Solche Anordnungen sind im zivilen Luftfahrtgeschäft keine Seltenheit und betreffen meist überschaubare Nachrüst- oder Prüfmaßnahmen. Dennoch zeigen sie, wie eng die operative Aufmerksamkeit bei Airbus derzeit zwischen Wachstum und technischer Detailarbeit gespannt ist – während das Unternehmen gleichzeitig die Auslieferungsrate hochfahren will.
Auftragslage bleibt robust, Bewertung wird vorsichtiger
Operativ liefert Airbus weiterhin solide Zahlen. Im Juli wurden 67 Maschinen an 39 Kunden übergeben, womit sich die Auslieferungen seit Jahresbeginn auf 418 summieren – deutlich mehr als die 373 im Vorjahreszeitraum. Gleichzeitig gingen im Juli 204 Bruttobestellungen ein, darunter ein Großauftrag von SMBC Aviation Capital über 100 Maschinen der A320neo-Familie.

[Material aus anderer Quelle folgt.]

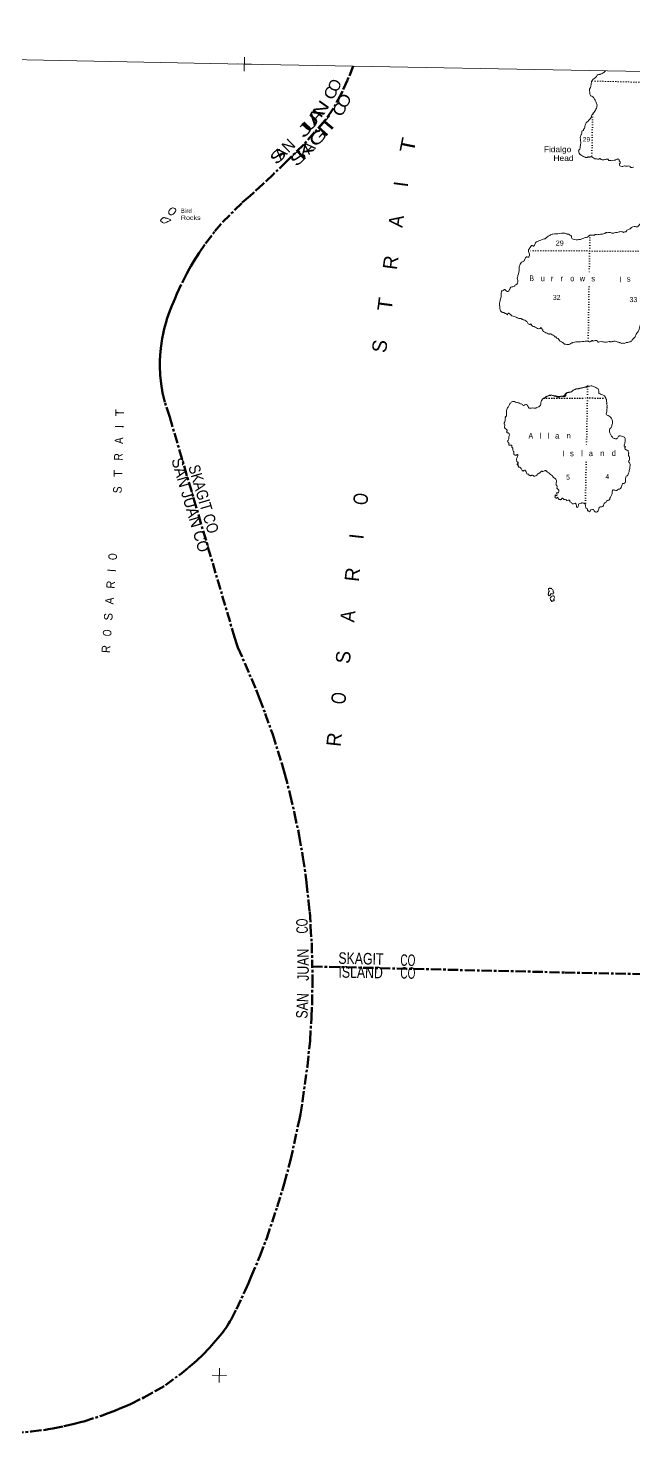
# Model space of a CAD drawing. Header units: feet. Extents: x -493433 to -244333, y 184684 to 373072.
# Drawn here: x -435590 to -414345, y 323458 to 372822 of the extents above; entities that cross this region are included whole.
import ezdxf
from ezdxf.enums import TextEntityAlignment as Align

# ---------------------------------------------------------------- set-up
doc = ezdxf.new("R2010")
doc.units = ezdxf.units.FT
doc.header["$LTSCALE"] = 60
doc.linetypes.add('DOTTED', pattern=[1.5, 0.3, -1.2])
doc.linetypes.add('LONG_DASH_SHORT_DASH', pattern=[9.9, 6, -1.2, 1.5, -1.2])
for name, color, linetype, lineweight in [('11', 7, 'LONG_DASH_SHORT_DASH', 60), ('12', 7, 'LONG_DASH_SHORT_DASH', 13), ('39', 7, 'Continuous', 13), ('4', 7, 'Continuous', 13), ('41', 7, 'Continuous', 13), ('6', 7, 'DOTTED', 25), ('7', 7, 'DOTTED', 13)]:
    doc.layers.add(name, color=color, linetype=linetype, lineweight=lineweight)
doc.layers.add('42', color=7, linetype='Continuous')

msp = doc.modelspace()

# ---------------------------------------------------------------- linework, layer by layer
at = {"layer": '11'}
for p, q in [((-427804.4, 366939.1), (-428096.67, 366688.73)), ((-428096.67, 366688.73), (-428824.04, 365961.36)), ((-430624.92, 359183.74), (-428387.56, 351585.33)), ((-428861.71, 326966.97), (-429082.99, 326704.03)), ((-430273.84, 325602.74), (-429972.24, 325847.57))]:
    msp.add_line(p, q, dxfattribs=at)
for points in [[(-424184.19, 371487.55), (-424388.49, 371000.31), (-424604.13, 370531.37), (-424898.48, 369981.67), (-425182.98, 369583.17), (-425540.43, 369172.41), (-425920.42, 368748.1), (-426516.53, 368155.72), (-426994.28, 367695.57), (-427347.68, 367365.47), (-427686.56, 367051.15), (-427804.4, 366939.1)], [(-430624.92, 359183.74), (-430624.92, 359183.74), (-430797.35, 359708.38), (-430878.8, 360037.21), (-430924.7, 360348.11), (-430937.78, 360451.06), (-430957.79, 360658.32), (-430962.3, 360738.42), (-430962.92, 360746.41), (-430968.74, 360870.53), (-430971.55, 361026.18), (-430968.35, 361159.3), (-430961.4, 361350.57), (-430941.67, 361603.34), (-430892.87, 361936.39), (-430857.76, 362104.99), (-430818.08, 362282.05), (-430765.08, 362475.97), (-430710.31, 362657.24), (-430620.45, 362906.67), (-430546.38, 363087.94), (-430493.01, 363210.19), (-430436.49, 363352.12), (-430369.08, 363506.69), (-430191.08, 363892.41), (-430024.66, 364218.42), (-429929.17, 364389.85), (-429884.23, 364472.76), (-429779.61, 364648.4), (-429596.35, 364937.86), (-429372.37, 365269.48), (-429038.85, 365703.69), (-428824.04, 365961.36)], [(-428230.55, 351104.24), (-428280.95, 351244.94), (-428387.56, 351585.33)], [(-428230.55, 351104.24), (-427563.53, 349555.56), (-427474.53, 349318.07), (-427272.25, 348791.82), (-427013.34, 348046.97), (-426681.59, 347003.93), (-426588.54, 346665.24), (-426410.18, 345989.6), (-426398.04, 345939.68), (-426244.31, 345286.89), (-426084.2, 344508.29), (-425950.7, 343753.33), (-425865.33, 343150.44), (-425826.23, 342857.61), (-425761.91, 342217.79), (-425714.3, 341829.34), (-425681.93, 341321.95), (-425644.17, 340744.4), (-425622.48, 339915.88)], [(-428468.33, 327538.86), (-428284.15, 327899.06), (-427979.35, 328552.21), (-427863.37, 328814.01), (-427763.57, 329046.12), (-427464.16, 329758.64), (-427221.4, 330387.5), (-426857.27, 331485.97), (-426611.81, 332295.66), (-426387.94, 333121.54), (-426088.53, 334506.11), (-426042.68, 334738.22), (-425967.15, 335188.95), (-425797.22, 336425.07), (-425702.81, 337315.73), (-425652.91, 338128.11), (-425631.33, 338576.14), (-425620.55, 339275.17), (-425622.48, 339915.88)], [(-425622.48, 339915.88), (-416764.63, 339707.32), (-409448.61, 339548.1)], [(-428468.33, 327538.86), (-428511.39, 327463.74), (-428545.45, 327403.66), (-428593.84, 327326.55), (-428624.31, 327281.71), (-428663.74, 327223.43), (-428699.58, 327172.32), (-428749.77, 327107.76), (-428794.58, 327052.17), (-428861.71, 326966.97)], [(-429972.24, 325847.57), (-429767.7, 326017.6), (-429677.11, 326097.71), (-429459.59, 326296.91), (-429230.45, 326538.33), (-429144.32, 326633.92), (-429082.99, 326704.03)], [(-436113.45, 323556.41), (-435482.01, 323607.04), (-434984.81, 323671.24), (-434921.1, 323681.08), (-434884.57, 323688.12), (-434729.51, 323713.9), (-434340.48, 323792.64), (-434180.27, 323827.32), (-433978.4, 323877.01), (-433708.58, 323944.51), (-433637.38, 323963.26), (-433019.06, 324161.07), (-432815.76, 324237), (-432588.58, 324320.44), (-432310.33, 324434.81), (-432104.22, 324522.93), (-431980.1, 324581.97), (-431528.54, 324799.46), (-431130.37, 325018.83), (-430776.72, 325230.02), (-430282.93, 325596.73)]]:
    msp.add_lwpolyline(points, dxfattribs=at)
at = {"layer": '39'}
for points in [[(-415339.9, 371320.58), (-415421.38, 371257.54), (-415503.29, 371211.19), (-415539.9, 371200.02), (-415584.43, 371195.12), (-415619.08, 371181.89), (-415638, 371152.08), (-415669.28, 371112.52), (-415735.41, 371051.63), (-415768.25, 371030.27), (-415816.28, 370966.9), (-415833.33, 370930.99), (-415847.85, 370836.47), (-415857.25, 370784.21), (-415887.44, 370708.27), (-415891.72, 370698.28), (-415904.7, 370664.29), (-415887.03, 370564.89), (-415867.51, 370459.39), (-415855.67, 370448.99), (-415815.64, 370435.84), (-415750.57, 370375.6), (-415702.09, 370297.62), (-415683.26, 370244.63), (-415650.46, 370185.23), (-415636.07, 370116.21), (-415645.83, 370049.83), (-415675.76, 369983.97), (-415757.9, 369848.79), (-415831.47, 369733.58), (-415833.95, 369715.48), (-415842.58, 369693.49), (-415952.81, 369565.1), (-416013.04, 369498.01), (-416057.45, 369418.39), (-416067.57, 369337.88), (-416084.73, 369297.94), (-416099.11, 369288.22), (-416107.68, 369268.26), (-416120.71, 369232.24), (-416165.8, 369205.15), (-416169.15, 369152.73), (-416180.36, 369108.61), (-416203.47, 369072.86), (-416212.77, 369024.64), (-416214.93, 369018.63), (-416222.48, 368960.27), (-416215.23, 368927.78), (-416218.11, 368893.54), (-416220.85, 368865.34), (-416204.65, 368788.19), (-416213.49, 368758.13), (-416211.87, 368741.93), (-416229.4, 368687.87), (-416226.79, 368631.26), (-416265.21, 368549.48), (-416273.38, 368545.65), (-416278.94, 368485.23), (-416271.5, 368460.79), (-416191.01, 368371.89), (-416182.99, 368369.67), (-416163.28, 368350.98), (-416073.6, 368306.26), (-416041.74, 368289.29), (-415979.22, 368287.67), (-415960.75, 368299.31), (-415926.31, 368304.47), (-415890.06, 368301.52), (-415861.62, 368308.86), (-415785.44, 368288.71), (-415710.02, 368238.3), (-415655.62, 368234.88), (-415591.34, 368223.12), (-415548.47, 368242.2), (-415526.19, 368245.66), (-415524.33, 368239.55), (-415512.32, 368235.21), (-415486.56, 368216.37), (-415426.42, 368200.68), (-415363.53, 368213.18), (-415266.26, 368228.83), (-415242.47, 368212.07), (-415236.82, 368195.77), (-415215, 368181.07), (-415164.53, 368181.78), (-415152.58, 368175.41), (-415083.74, 368183.73), (-415000.65, 368197.73), (-414969.88, 368217.13), (-414915.06, 368229.84), (-414904.88, 368233.61), (-414890.76, 368233.25), (-414865.11, 368210.38), (-414856.3, 368159.68), (-414842.49, 368147.2), (-414830.69, 368134.78), (-414829.91, 368086.3)], [(-414829.91, 368086.3), (-414851.31, 368038.4), (-414849.7, 368022.2), (-414735.92, 367972.81), (-414687.01, 367991.74), (-414672.93, 367989.36), (-414606.64, 367977.54), (-414479.68, 367970.21), (-414475.95, 367958.01), (-414448.12, 367941.14), (-414365.33, 367943.03), (-414358.88, 367943.78)], [(-415873.07, 365570.17), (-415802.73, 365558.25), (-415725.78, 365568.38), (-415678.78, 365591.39), (-415632.7, 365578.08), (-415559.74, 365590.33), (-415474.92, 365592.17), (-415403.97, 365604.47), (-415334.43, 365641.04), (-415313.85, 365656.66), (-415273.72, 365647.54), (-415200.7, 365661.8), (-415160.62, 365650.67), (-415116.66, 365633.38), (-414986.92, 365656.27), (-414980.81, 365658.13), (-414926.26, 365660.75), (-414863.22, 365679.32), (-414802.51, 365685.82), (-414734.19, 365673.96), (-414706.32, 365659.1), (-414663.45, 365678.19), (-414606.41, 365698.92), (-414602.13, 365708.9), (-414503.57, 365774.99), (-414448.29, 365805.88), (-414425.39, 365833.54), (-414337.9, 365861.57), (-414283.23, 365868.23), (-414235.19, 365852.85), (-414188.08, 365879.9), (-414173.45, 365899.71), (-414167.41, 365899.55), (-414148.38, 365933.39), (-414113.37, 365960.75), (-414009.02, 366016.6), (-413866.1, 366081.54), (-413853.54, 366099.4), (-413842.32, 366143.52), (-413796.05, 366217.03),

Trotz dieser operativen Stärke wird die Bewertung an den Märkten differenzierter betrachtet. Sadif Investment Analytics senkte am 12. August die Einstufung von "Buy" auf "Hold" und reduzierte das Kursziel von 228,14 auf 201,51 Euro. Auch automatisierte Fair-Value-Modelle passten ihre Schätzungen zuletzt leicht nach unten an, was auf eine insgesamt vorsichtigere Einschätzung der Lieferannahmen und kurzfristigen Katalysatoren hindeutet.
An der Börse zeigt sich die Aktie davon bislang wenig beeindruckt. Sie schloss am Donnerstag bei 213,00 Euro und damit nur 3,7 Prozent unter ihrem 52-Wochen-Hoch von 221,25 Euro, das sie im Januar erreicht hatte.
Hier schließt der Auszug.